Before sophomore point guard Trey Burke left Wednesday's practice session to speak with members of the media, he lost a one-on-one pick up game to freshman guard Caris LeVert.
Burke told the media he hates to lose. And he wasn't leaving the Crisler Center that day a loser.
After he left the podium, Burke went back to the Player Development Center's practice courts to join another pick up game, to cleanse his competitive palate of the bitter taste of losing.
"He is really competitive. He just went back on the court, because he lost to Caris one-on-one," redshirt junior forward Jordan Morgan said. "He didn't want to end on a loss. He hates losing, and we have a bunch of guys who hate losing, and that's what drives us."
That competitive drive - from Burke and other leaders on the team - has started to rub off on the rest of the team.
"That's just how I have been since I was little," Burke said. "I hate losing, so whenever I lose in something. I feel much better when I win. That's just how it is.
"In practice, it's tough. It could be a pick up game, shell drills or anything - we could lose to the Maize team, and Tim [Hardaway, Jr.] and I will get on our team about it. At the end of the day, they're all going to be on our team and we're going to try to beat other teams down the stretch. It's important for us to be as competitive as in a real game."
"I think, as upperclassmen, we're trying to keep this team focused on the next game," Morgan added. "That's all you can really do. We're not looking at our record right now. We're just trying to play our game and play our best basketball. We feel like if we play our best basketball, we can compete with anybody. We can't guarantee a win, but we can play with anybody."
The practices are hard - and that's just the way coach John Beilein wants them to be.
Now sporting a No. 2 record and a so-far unblemished record, the Wolverines are the cream of the basketball crop. And that's a source for motivation for any opponent who faces the Maize And Blue.
"It's great to be 11-0, but we know that the target is getting bigger and bigger," Burke said. "Every team is going to come out with their best shot every single night.
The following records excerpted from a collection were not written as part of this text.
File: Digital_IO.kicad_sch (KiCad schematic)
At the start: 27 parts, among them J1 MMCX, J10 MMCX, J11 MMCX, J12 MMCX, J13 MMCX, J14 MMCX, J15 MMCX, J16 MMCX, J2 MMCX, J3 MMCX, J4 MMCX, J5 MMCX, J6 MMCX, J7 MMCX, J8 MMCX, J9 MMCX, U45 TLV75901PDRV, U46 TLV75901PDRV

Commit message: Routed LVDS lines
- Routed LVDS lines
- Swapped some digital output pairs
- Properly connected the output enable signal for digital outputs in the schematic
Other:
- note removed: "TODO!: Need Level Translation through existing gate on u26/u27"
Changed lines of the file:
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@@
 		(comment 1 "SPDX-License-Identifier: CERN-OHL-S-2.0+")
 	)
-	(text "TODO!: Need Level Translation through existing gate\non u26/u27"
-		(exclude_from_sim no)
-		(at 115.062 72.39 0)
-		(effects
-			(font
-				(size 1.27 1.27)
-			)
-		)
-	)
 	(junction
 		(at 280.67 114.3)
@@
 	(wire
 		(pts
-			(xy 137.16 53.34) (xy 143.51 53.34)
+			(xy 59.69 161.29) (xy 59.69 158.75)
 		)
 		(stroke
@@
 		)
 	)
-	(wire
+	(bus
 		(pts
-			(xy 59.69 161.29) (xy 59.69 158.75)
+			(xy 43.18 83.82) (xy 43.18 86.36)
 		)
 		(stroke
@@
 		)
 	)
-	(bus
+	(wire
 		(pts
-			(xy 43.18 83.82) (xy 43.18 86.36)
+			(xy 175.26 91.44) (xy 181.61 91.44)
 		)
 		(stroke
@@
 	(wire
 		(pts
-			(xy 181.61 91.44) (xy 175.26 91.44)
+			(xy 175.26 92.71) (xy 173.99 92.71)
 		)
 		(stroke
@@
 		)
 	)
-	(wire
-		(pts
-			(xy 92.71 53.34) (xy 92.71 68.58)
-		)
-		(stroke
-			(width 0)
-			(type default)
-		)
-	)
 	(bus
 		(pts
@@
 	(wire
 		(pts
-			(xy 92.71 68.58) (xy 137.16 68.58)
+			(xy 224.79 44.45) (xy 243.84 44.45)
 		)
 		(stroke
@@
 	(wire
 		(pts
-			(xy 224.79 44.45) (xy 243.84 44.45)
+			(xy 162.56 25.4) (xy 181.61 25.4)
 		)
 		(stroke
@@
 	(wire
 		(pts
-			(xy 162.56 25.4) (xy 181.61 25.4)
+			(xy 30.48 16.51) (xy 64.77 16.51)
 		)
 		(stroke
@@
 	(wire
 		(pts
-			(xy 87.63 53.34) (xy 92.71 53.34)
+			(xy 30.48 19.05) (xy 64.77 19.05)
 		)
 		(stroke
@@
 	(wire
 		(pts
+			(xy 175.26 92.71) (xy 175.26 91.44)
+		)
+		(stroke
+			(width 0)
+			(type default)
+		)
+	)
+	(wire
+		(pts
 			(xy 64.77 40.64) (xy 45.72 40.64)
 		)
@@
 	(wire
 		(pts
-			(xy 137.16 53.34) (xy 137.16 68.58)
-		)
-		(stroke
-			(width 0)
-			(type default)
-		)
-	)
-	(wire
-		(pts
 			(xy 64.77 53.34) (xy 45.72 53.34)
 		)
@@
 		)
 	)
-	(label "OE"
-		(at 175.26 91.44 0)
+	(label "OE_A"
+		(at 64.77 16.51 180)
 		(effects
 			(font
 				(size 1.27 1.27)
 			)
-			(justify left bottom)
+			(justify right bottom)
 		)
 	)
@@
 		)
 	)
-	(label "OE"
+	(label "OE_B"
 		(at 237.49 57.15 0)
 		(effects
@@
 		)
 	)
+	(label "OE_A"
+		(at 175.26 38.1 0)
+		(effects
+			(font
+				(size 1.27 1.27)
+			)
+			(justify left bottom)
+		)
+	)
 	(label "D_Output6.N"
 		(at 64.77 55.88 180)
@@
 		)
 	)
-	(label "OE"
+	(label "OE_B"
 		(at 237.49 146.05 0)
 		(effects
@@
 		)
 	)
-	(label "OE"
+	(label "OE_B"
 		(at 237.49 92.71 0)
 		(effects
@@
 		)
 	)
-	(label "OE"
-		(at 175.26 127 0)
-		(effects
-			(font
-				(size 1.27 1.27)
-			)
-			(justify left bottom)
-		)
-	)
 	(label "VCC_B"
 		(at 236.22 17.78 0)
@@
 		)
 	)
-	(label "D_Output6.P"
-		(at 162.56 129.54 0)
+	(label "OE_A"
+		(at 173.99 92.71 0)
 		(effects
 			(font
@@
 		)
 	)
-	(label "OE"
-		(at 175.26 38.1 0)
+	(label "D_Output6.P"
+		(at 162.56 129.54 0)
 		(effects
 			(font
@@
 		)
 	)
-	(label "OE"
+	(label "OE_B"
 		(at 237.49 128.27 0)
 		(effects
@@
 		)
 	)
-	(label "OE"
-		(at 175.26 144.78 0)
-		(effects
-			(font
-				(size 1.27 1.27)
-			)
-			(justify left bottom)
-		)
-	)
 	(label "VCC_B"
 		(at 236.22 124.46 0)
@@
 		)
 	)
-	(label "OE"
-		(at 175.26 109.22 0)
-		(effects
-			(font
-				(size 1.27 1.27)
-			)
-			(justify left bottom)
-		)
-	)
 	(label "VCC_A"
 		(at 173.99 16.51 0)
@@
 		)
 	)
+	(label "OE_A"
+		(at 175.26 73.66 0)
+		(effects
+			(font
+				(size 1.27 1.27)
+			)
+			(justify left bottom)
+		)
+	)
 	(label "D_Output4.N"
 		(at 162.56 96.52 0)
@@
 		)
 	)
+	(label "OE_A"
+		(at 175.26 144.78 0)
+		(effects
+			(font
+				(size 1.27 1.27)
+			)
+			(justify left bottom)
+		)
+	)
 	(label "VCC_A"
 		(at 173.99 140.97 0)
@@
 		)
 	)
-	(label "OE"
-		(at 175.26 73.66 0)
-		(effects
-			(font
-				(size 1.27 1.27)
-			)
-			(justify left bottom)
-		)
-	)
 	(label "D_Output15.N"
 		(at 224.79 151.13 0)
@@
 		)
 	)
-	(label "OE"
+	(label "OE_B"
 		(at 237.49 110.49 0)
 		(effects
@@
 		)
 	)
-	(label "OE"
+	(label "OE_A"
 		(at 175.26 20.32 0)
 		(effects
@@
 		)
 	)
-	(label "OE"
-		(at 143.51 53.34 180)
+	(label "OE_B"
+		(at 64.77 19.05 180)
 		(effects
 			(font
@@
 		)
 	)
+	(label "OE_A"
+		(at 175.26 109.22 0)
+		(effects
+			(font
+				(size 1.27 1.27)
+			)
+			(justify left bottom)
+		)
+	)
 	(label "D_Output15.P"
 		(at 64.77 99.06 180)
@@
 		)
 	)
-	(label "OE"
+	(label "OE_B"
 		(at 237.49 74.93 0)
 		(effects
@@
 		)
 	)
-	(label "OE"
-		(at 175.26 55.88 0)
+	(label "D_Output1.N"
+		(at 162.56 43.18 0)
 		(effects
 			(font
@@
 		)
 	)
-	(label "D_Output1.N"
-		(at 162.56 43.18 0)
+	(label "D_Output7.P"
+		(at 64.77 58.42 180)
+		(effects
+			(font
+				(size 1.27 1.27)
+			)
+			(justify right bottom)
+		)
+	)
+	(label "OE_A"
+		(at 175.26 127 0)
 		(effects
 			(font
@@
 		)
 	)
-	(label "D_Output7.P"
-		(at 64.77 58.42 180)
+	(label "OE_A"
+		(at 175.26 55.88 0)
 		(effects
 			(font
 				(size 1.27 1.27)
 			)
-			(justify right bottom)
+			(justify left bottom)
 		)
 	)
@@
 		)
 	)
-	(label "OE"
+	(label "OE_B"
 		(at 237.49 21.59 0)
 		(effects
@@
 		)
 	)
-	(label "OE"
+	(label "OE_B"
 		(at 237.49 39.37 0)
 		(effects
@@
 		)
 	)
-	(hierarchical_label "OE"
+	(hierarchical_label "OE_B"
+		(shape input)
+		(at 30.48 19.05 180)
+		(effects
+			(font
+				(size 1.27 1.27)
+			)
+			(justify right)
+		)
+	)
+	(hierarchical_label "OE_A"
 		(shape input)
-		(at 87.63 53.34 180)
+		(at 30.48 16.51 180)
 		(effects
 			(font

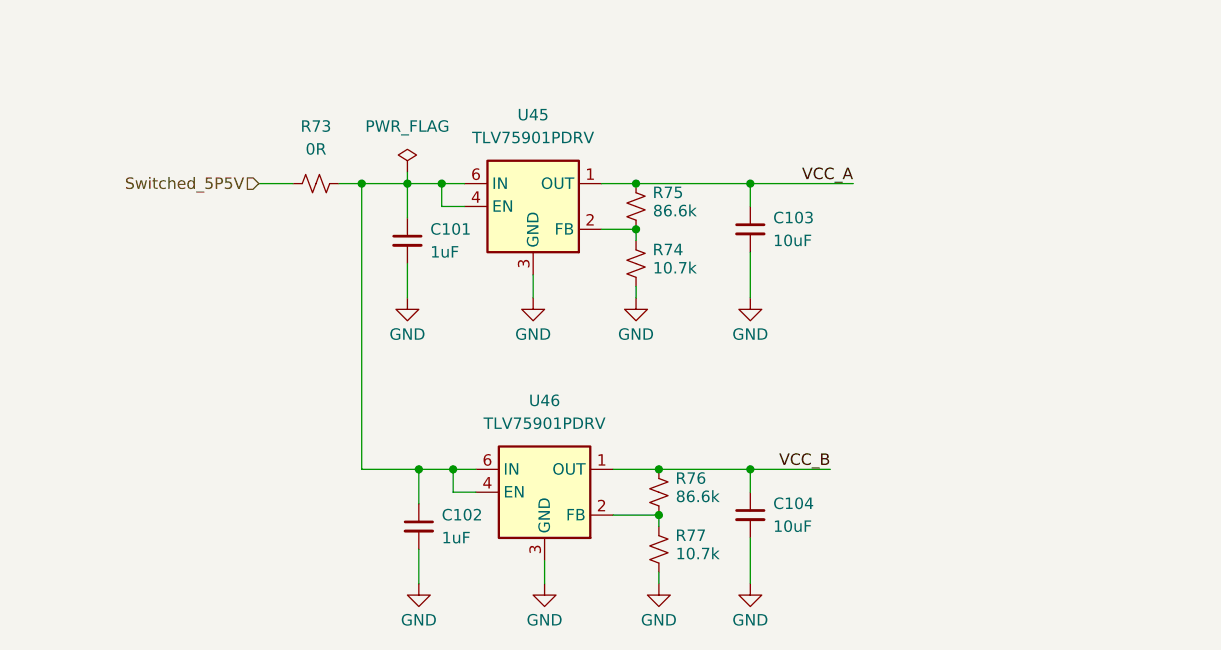
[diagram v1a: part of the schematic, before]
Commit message: Finished Draft Layout
- Finished Draft Layout
- Changed Switcher IC
- Added extra decoupling caps for digital output spikes
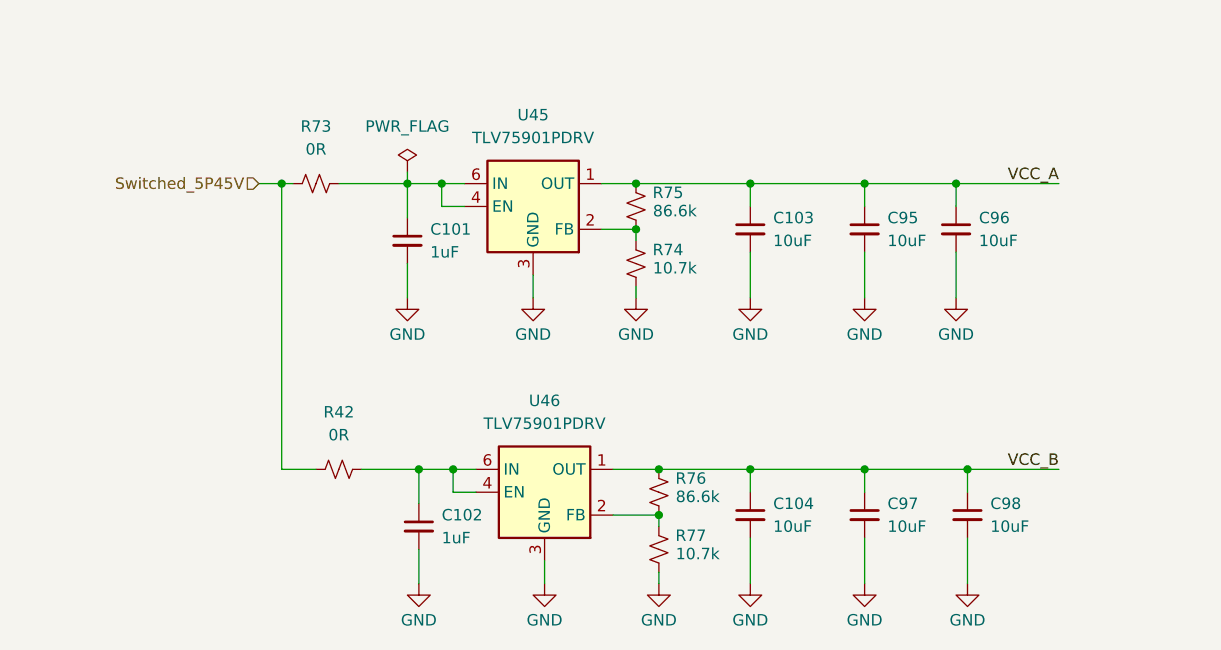
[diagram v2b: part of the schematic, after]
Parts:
- added C95, C96, C97, C98: 10uF, Capacitor_SMD:C_0805_2012Metric, symbol Device:C_Small
- added R42: 0R, Resistor_SMD:R_0603_1608Metric, symbol Device:R_Small_US
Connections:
- net GND: now also C95.2, C96.2, C97.2, C98.2
- net VCC_A: now also C95.1, C96.1
- net VCC_B: now also C97.1, C98.1
- net at C101.1, R73.2, U45.4 (EN)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: no longer C102.1, U46.4 (EN), U46.6 (IN)
- net Switched_5P5V renamed Switched_5P45V
- net Switched_5P45V: now also R42.1
- new net: C102.1, R42.2, U46.4 (EN), U46.6 (IN)

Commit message: Fixed Silkscreen and BOM
All DRC/ERC errors are resolved.
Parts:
- C101, C102: Comment CAP CER 1UF 16V X7R 0603 -> (none); Designator C6 -> (none); Digikey (none) -> 490-5241-6-ND; LCSC C161212 -> (none)
- C103, C104, C95, C96, C97, C98: Comment CAP CER 10UF 25V X5R 0805 -> (none); Designator C7 -> (none); Digikey (none) -> 490-5523-6-ND; LCSC C84416 -> (none)
- J1, J10, J11, J12, J13, J14, J15, J16, J2, J3, J4, J5, J6, J7, J8, J9: Digikey (none) -> SAM10617-ND
- R42, R73: Digikey (none) -> P0.0GDKR-ND
- R74, R77: Digikey (none) -> 13-RC0402FR-1310K7LDKR-ND; MPN (none) -> RC0402FR-1310K7L
- R75, R76: Digikey (none) -> YAG3249DKR-ND; MPN (none) -> RC0402FR-0786K6L
- U45, U46: Digikey (none) -> 296-TLV75901PDRVRDKR-ND; MPN (none) -> TLV75901PDRVR; Manufacturer (none) -> Texas Instruments

It's big for us to be ready for those punches early on, We have done a good job of giving teams our best punch and stretching the lead throughout the game. It's a matter of staying humble and staying focused on the big prize."
"You just have to embrace it," added Morgan. "People are going to want to beat you, and that is something we have to live with. We have to be ready for everyone's best shot, and go into each practice being the best we can be, because we need to compete as much as we can, because everyone is going to want to give us their best shot.
"This program has come a long way, so I know what it's like to not even be in the conversation. We just keep a mindset every day - our coaches coach us every single day to be better and better. They're not satisfied, and we're not satisfied. That's the most important thing: we're still trying to get better. We're playing great, but we're still trying to get better."